Schlussendlich bin ich auf ein KUOTA Kryon Rahmen gestossen, den es bereits in XXS gibt. Die Maße sind fast identisch mit denen seines 24" Rennrades. Ein weiteres Problem kam bei der Kurbellänge auf. Nach Bikefit sollte die Kurbellänge ungefähr 10% der Körpergröße betragen. Jetzt finde mal eine Kurbel mit 135 oder 140mm für ein BB386 EVO. Das Kürzen einer MICHE hatte ich zunächst in Betracht gezogen, hab aber noch Niemenden gefunden, der dies routiniert und exakt durchführt. Schlussendlich bin ich aber in England bei den Jungs von Kidsracing auf die COBB Kurbeln gestoßen die es in 145mm Länge 50/34Z für BB386 EVO gibt. 

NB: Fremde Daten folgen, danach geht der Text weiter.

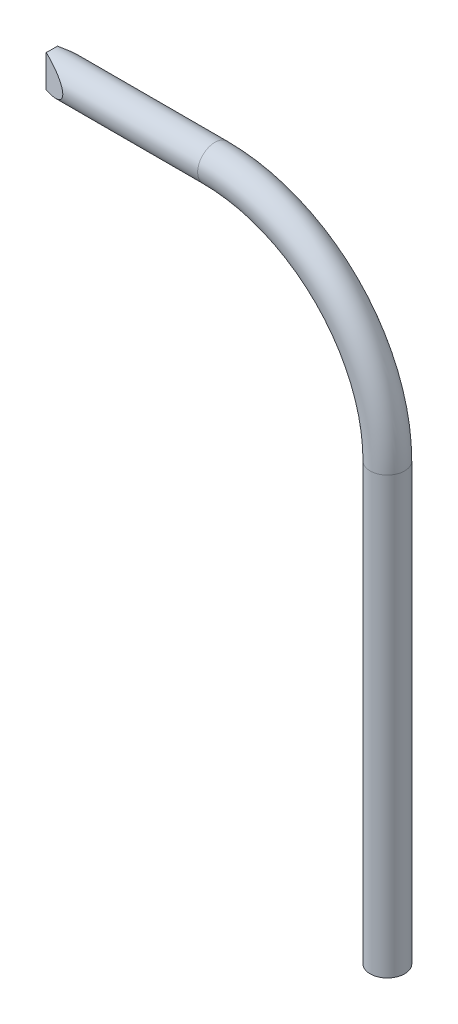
ISO-10303-21;
HEADER;
FILE_DESCRIPTION(('STEP AP214'),'2;1');
FILE_NAME('part.step','',(''),(''),'','','');
FILE_SCHEMA(('AUTOMOTIVE_DESIGN { 1 0 10303 214 1 1 1 1 }'));
ENDSEC;
DATA;
#1=APPLICATION_CONTEXT('core data for automotive mechanical design processes');
#2=APPLICATION_PROTOCOL_DEFINITION('international standard','automotive_design',2000,#1);
#3=PRODUCT_CONTEXT('',#1,'mechanical');
#4=PRODUCT('Part','Part','',(#3));
#5=PRODUCT_RELATED_PRODUCT_CATEGORY('part','',(#4));
#6=PRODUCT_DEFINITION_FORMATION('','',#4);
#7=PRODUCT_DEFINITION_CONTEXT('part definition',#1,'design');
#8=PRODUCT_DEFINITION('design','',#6,#7);
#9=PRODUCT_DEFINITION_SHAPE('','',#8);
#10=(LENGTH_UNIT() NAMED_UNIT(*) SI_UNIT(.MILLI.,.METRE.));
#11=(NAMED_UNIT(*) PLANE_ANGLE_UNIT() SI_UNIT($,.RADIAN.));
#12=(NAMED_UNIT(*) SI_UNIT($,.STERADIAN.) SOLID_ANGLE_UNIT());
#13=UNCERTAINTY_MEASURE_WITH_UNIT(LENGTH_MEASURE(1.E-05),#10,'distance_accuracy_value','');
#14=(GEOMETRIC_REPRESENTATION_CONTEXT(3) GLOBAL_UNCERTAINTY_ASSIGNED_CONTEXT((#13)) GLOBAL_UNIT_ASSIGNED_CONTEXT((#10,
#11,#12)) REPRESENTATION_CONTEXT('',''));
#15=CARTESIAN_POINT('',(0.,0.,0.));
#16=DIRECTION('',(0.,0.,1.));
#17=DIRECTION('',(1.,0.,0.));
#18=AXIS2_PLACEMENT_3D('',#15,#16,#17);
#19=CARTESIAN_POINT('',(-517.3378077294,1340.,0.));
#20=DIRECTION('',(-1.,0.,0.));
#21=DIRECTION('',(0.,0.,1.));
#22=AXIS2_PLACEMENT_3D('',#19,#20,#21);
#23=CYLINDRICAL_SURFACE('',#22,20.);
#24=CARTESIAN_POINT('',(-517.3378077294,1340.,0.));
#25=DIRECTION('',(1.,0.,0.));
#26=DIRECTION('',(0.,1.,0.));
#27=AXIS2_PLACEMENT_3D('',#24,#25,#26);
#28=CIRCLE('',#27,20.);
#29=CARTESIAN_POINT('',(-517.3378077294,1360.,0.));
#30=VERTEX_POINT('',#29);
#31=EDGE_CURVE('E52',#30,#30,#28,.T.);
#32=ORIENTED_EDGE('',*,*,#31,.F.);
#33=EDGE_LOOP('',(#32));
#34=FACE_BOUND('',#33,.T.);
#35=CARTESIAN_POINT('',(-721.11640747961,1329.18883658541,-16.8261328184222));
#36=CARTESIAN_POINT('',(-720.952862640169,1329.17528750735,-16.8174223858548));
#37=CARTESIAN_POINT('',(-720.789787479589,1329.15806444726,-16.8063382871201));
#38=CARTESIAN_POINT('',(-720.464960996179,1329.11662612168,-16.7795356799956));
#39=CARTESIAN_POINT('',(-720.303209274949,1329.09241304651,-16.7638186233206));
#40=CARTESIAN_POINT('',(-719.821301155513,1329.00996637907,-16.709981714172));
#41=CARTESIAN_POINT('',(-719.503534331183,1328.94184214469,-16.665123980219));
#42=CARTESIAN_POINT('',(-718.880745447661,1328.78401501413,-16.5593032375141));
#43=CARTESIAN_POINT('',(-718.575612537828,1328.69459837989,-16.49855290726));
#44=CARTESIAN_POINT('',(-717.974566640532,1328.4975996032,-16.361820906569));
#45=CARTESIAN_POINT('',(-717.678661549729,1328.39000238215,-16.2858265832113));
#46=CARTESIAN_POINT('',(-716.953840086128,1328.10408688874,-16.0789209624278));
#47=CARTESIAN_POINT('',(-716.530866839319,1327.91696529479,-15.9393555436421));
#48=CARTESIAN_POINT('',(-715.7061474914,1327.52113477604,-15.6314073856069));
#49=CARTESIAN_POINT('',(-715.30440969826,1327.3124174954,-15.4630134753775));
#50=CARTESIAN_POINT('',(-714.518277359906,1326.87982839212,-15.0977429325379));
#51=CARTESIAN_POINT('',(-714.134030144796,1326.65585742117,-14.9006681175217));
#52=CARTESIAN_POINT('',(-713.385174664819,1326.2004558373,-14.479942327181));
#53=CARTESIAN_POINT('',(-713.020563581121,1325.96902630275,-14.2562951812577));
#54=CARTESIAN_POINT('',(-712.287398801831,1325.48855852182,-13.7674626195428));
#55=CARTESIAN_POINT('',(-711.920123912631,1325.23935194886,-13.5005236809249));
#56=CARTESIAN_POINT('',(-711.207348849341,1324.7431086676,-12.9370883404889));
#57=CARTESIAN_POINT('',(-710.861850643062,1324.49607215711,-12.6405892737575));
#58=CARTESIAN_POINT('',(-710.194401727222,1324.00927808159,-12.018831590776));
#59=CARTESIAN_POINT('',(-709.872391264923,1323.76950302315,-11.6936509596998));
#60=CARTESIAN_POINT('',(-709.252487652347,1323.30073906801,-11.0138597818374));
#61=CARTESIAN_POINT('',(-708.954590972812,1323.07174859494,-10.6592535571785));
#62=CARTESIAN_POINT('',(-708.419760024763,1322.65563040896,-9.96573589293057));
#63=CARTESIAN_POINT('',(-708.179818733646,1322.46679953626,-9.63016635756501));
#64=CARTESIAN_POINT('',(-707.722086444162,1322.10345385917,-8.93682196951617));
#65=CARTESIAN_POINT('',(-707.504295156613,1321.92893886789,-8.57904740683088));
#66=CARTESIAN_POINT('',(-707.09315418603,1321.59721476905,-7.84223547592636));
#67=CARTESIAN_POINT('',(-706.899794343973,1321.43999847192,-7.46320704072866));
#68=CARTESIAN_POINT('',(-706.539869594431,1321.14575947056,-6.68509643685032));
#69=CARTESIAN_POINT('',(-706.373300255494,1321.00873342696,-6.28601759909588));
#70=CARTESIAN_POINT('',(-706.093097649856,1320.77726927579,-5.53323752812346));
#71=CARTESIAN_POINT('',(-705.975260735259,1320.67952206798,-5.18211484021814));
#72=CARTESIAN_POINT('',(-705.762015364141,1320.5021475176,-4.46864802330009));
#73=CARTESIAN_POINT('',(-705.666604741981,1320.42251842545,-4.10630498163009));
#74=CARTESIAN_POINT('',(-705.499625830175,1320.28288430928,-3.3726405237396));
#75=CARTESIAN_POINT('',(-705.42804492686,1320.22286890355,-3.00132396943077));
#76=CARTESIAN_POINT('',(-705.309789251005,1320.12359666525,-2.25198043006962));
#77=CARTESIAN_POINT('',(-705.263114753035,1320.08434006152,-1.87395337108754));
#78=CARTESIAN_POINT('',(-705.195355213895,1320.02731822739,-1.11271652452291));
#79=CARTESIAN_POINT('',(-705.174355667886,1320.00962480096,-0.729493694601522));
#80=CARTESIAN_POINT('',(-705.158603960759,1319.99635481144,0.0378773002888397));
#81=CARTESIAN_POINT('',(-705.163851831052,1320.00077827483,0.422025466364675));
#82=CARTESIAN_POINT('',(-705.200500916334,1320.03164484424,1.18819138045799));
#83=CARTESIAN_POINT('',(-705.231903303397,1320.05808893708,1.57020903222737));
#84=CARTESIAN_POINT('',(-705.320311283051,1320.13242641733,2.32914120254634));
#85=CARTESIAN_POINT('',(-705.377316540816,1320.18031952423,2.70605578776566));
#86=CARTESIAN_POINT('',(-705.512540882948,1320.2936790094,3.43361464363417));
#87=CARTESIAN_POINT('',(-705.589570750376,1320.35815861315,3.78463598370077));
#88=CARTESIAN_POINT('',(-705.764816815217,1320.50445212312,4.47761320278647));
#89=CARTESIAN_POINT('',(-705.863031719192,1320.58626497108,4.81956963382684));
#90=CARTESIAN_POINT('',(-706.079448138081,1320.76592258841,5.4928788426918));
#91=CARTESIAN_POINT('',(-706.197656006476,1320.86377245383,5.82422820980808));
#92=CARTESIAN_POINT('',(-706.452727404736,1321.0740330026,6.4749321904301));
#93=CARTESIAN_POINT('',(-706.589594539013,1321.186446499,6.79428447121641));
#94=CARTESIAN_POINT('',(-706.932539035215,1321.46671247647,7.53148394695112));
#95=CARTESIAN_POINT('',(-707.145900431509,1321.64004672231,7.94388170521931));
#96=CARTESIAN_POINT('',(-707.601368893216,1322.0068793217,8.74305971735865));
#97=CARTESIAN_POINT('',(-707.843484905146,1322.20038394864,9.12983193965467));
#98=CARTESIAN_POINT('',(-708.353914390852,1322.60397237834,9.87718430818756));
#99=CARTESIAN_POINT('',(-708.622256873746,1322.81407448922,10.2377346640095));
#100=CARTESIAN_POINT('',(-709.182545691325,1323.24695152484,10.9317255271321));
#101=CARTESIAN_POINT('',(-709.474490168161,1323.4697254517,11.2651681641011));
#102=CARTESIAN_POINT('',(-710.084904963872,1323.92785151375,11.9098625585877));
#103=CARTESIAN_POINT('',(-710.403716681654,1324.16334521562,12.2206895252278));
#104=CARTESIAN_POINT('',(-711.062584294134,1324.6397993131,12.8144100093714));
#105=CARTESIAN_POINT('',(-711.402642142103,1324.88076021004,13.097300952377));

Die Empfehlung für den KUOTA Kryon XXS ist allerdings für eine Schrittlänge von 64cm. Das Bike hab ich mit Pat von Kidsracing soweit komplettiert, dass auch die Übersetzungsbegrenzung von 5,66m passt (50Tx 19t auf 28c = 5.655m).  

Was ist Eure Einschätzung zur 28" Laufradgröße bei den Körpermaßen?

Sport frei!


----------



## joglo (17. Mai 2018)

Interessante Anfrage, denke nur, dass Du sich hier eher MTB Fans und Experten für Kinder-MTBs tummeln.
Ich selber habe auch keine Erfahrung mit Kinderrennrädern, meine erste Frage wäre aber warum denn nicht ein 26er in Betracht ziehen.
Zumindest vor eininger Zeit waren z.B. im Triathlonsport Räder mit 26er LR recht beliebt. Auch ein Giant TCR gab/gibt es mit 26er und sogar für Kinder/Kleinere gut geeignete nach hinten abfallendes Oberrohr.
Falls es sowas mittlerweile neu rar wird (wie z.B. auch bei MTBs), lässt sich über Ebay Kleinanzeigen bestimmt ein Rad mit kleinen Rahmen finden, dass z.B. von einer Dame gefahren wurde. 
Bzgl. der Kurbeln werden sich die Anforderungen zu MTBs weniger unterscheiden. Entweder Erwachsenen-Kurbel kürzen lassen z.B. bei Kurbeltom oder eben die auch relative raren Modelle mit kurzen Längen z.B.140 oder 150mm nutzen.
Ich hab neulich eine 145mm Sinz gebraucht gekauft die vorher an einen Kinder-RR benutzt wurde.


----------



## MTB-News.de




----------



## hawkes (17. Mai 2018)

Ich finde auch 28" für 133cm noch sehr viel. Ich kenne sonst aber auch nur die Islabikes Luath - Serie als Anbieter von Kinder-Rennrädern.


----------



## chris5000 (17. Mai 2018)

Kidsracing wissen sicher schon gut, was sie tun

Ein bisschen extrem mutet es aber manchmal schon an: siehe https://twitter.com/kidsracing/status/993022328903798785
Ich denke, was geht und was nicht, hat auch sehr viel damt zu tun, wie sicher der Nachwuchs bereits unterwegs ist.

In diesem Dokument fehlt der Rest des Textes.